Goal of the exercise
Lines holding the word "BuildSketch" are the ones to copy from the data below.

Supplied records START

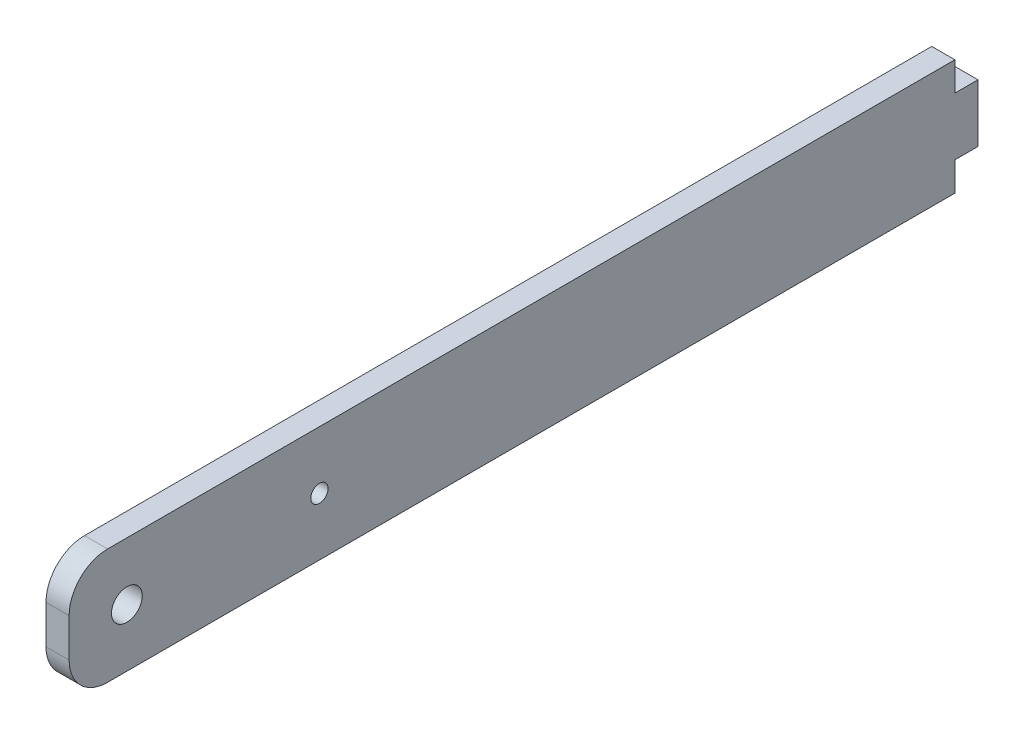
from build123d import *

# Parameters (mm, degrees)
CROQUIS2_W                   = 230
CROQUIS2_H                   = 30
CROQUIS2_R                   = 4
SALIENTE_EXTRUIR1_DEPTH      = 3
TALADRO_DE_MARGEN_PARA_M41_D = 4.5
REDONDEO1_R                  = 10
CROQUIS5_W                   = 6
CROQUIS5_H                   = 15
SALIENTE_EXTRUIR2_DEPTH      = 6


with BuildPart() as part:
    # Croquis2 → Saliente-Extruir1 (new, symmetric)
    with BuildSketch(Plane(origin=(0, 0, 0), x_dir=(0, 0, -1), z_dir=(1, 0, 0))):
        Rectangle(CROQUIS2_W, CROQUIS2_H)
        with Locations((-100, 0)):
            Circle(CROQUIS2_R, mode=Mode.SUBTRACT)
    extrude(amount=SALIENTE_EXTRUIR1_DEPTH, both=True)

    # Taladro de margen para M41 (through all)
    with Locations(Plane(origin=(3, 0, 0), x_dir=(0, 0, -1), z_dir=(1, 0, 0))):
        with Locations((-50, 0)):
            Hole(TALADRO_DE_MARGEN_PARA_M41_D / 2)

    # Redondeo1
    redondeo1_edges = [part.edges().sort_by_distance(p)[0] for p in [
        (0, 15, 115),
        (0, -15, 115),
    ]]
    fillet(redondeo1_edges, radius=REDONDEO1_R)

    # Croquis5 → Saliente-Extruir2 (add, through all)
    with BuildSketch(Plane(origin=(3, 0, 0), x_dir=(0, 0, -1), z_dir=(1, 0, 0))):
        with Locations((118, 0)):
            Rectangle(CROQUIS5_W, CROQUIS5_H)
    extrude(amount=-SALIENTE_EXTRUIR2_DEPTH)


solid = part.part

Supplied records END

Written answer
    with BuildSketch(Plane(origin=(0, 0, 0), x_dir=(0, 0, -1), z_dir=(1, 0, 0))):
    with BuildSketch(Plane(origin=(3, 0, 0), x_dir=(0, 0, -1), z_dir=(1, 0, 0))):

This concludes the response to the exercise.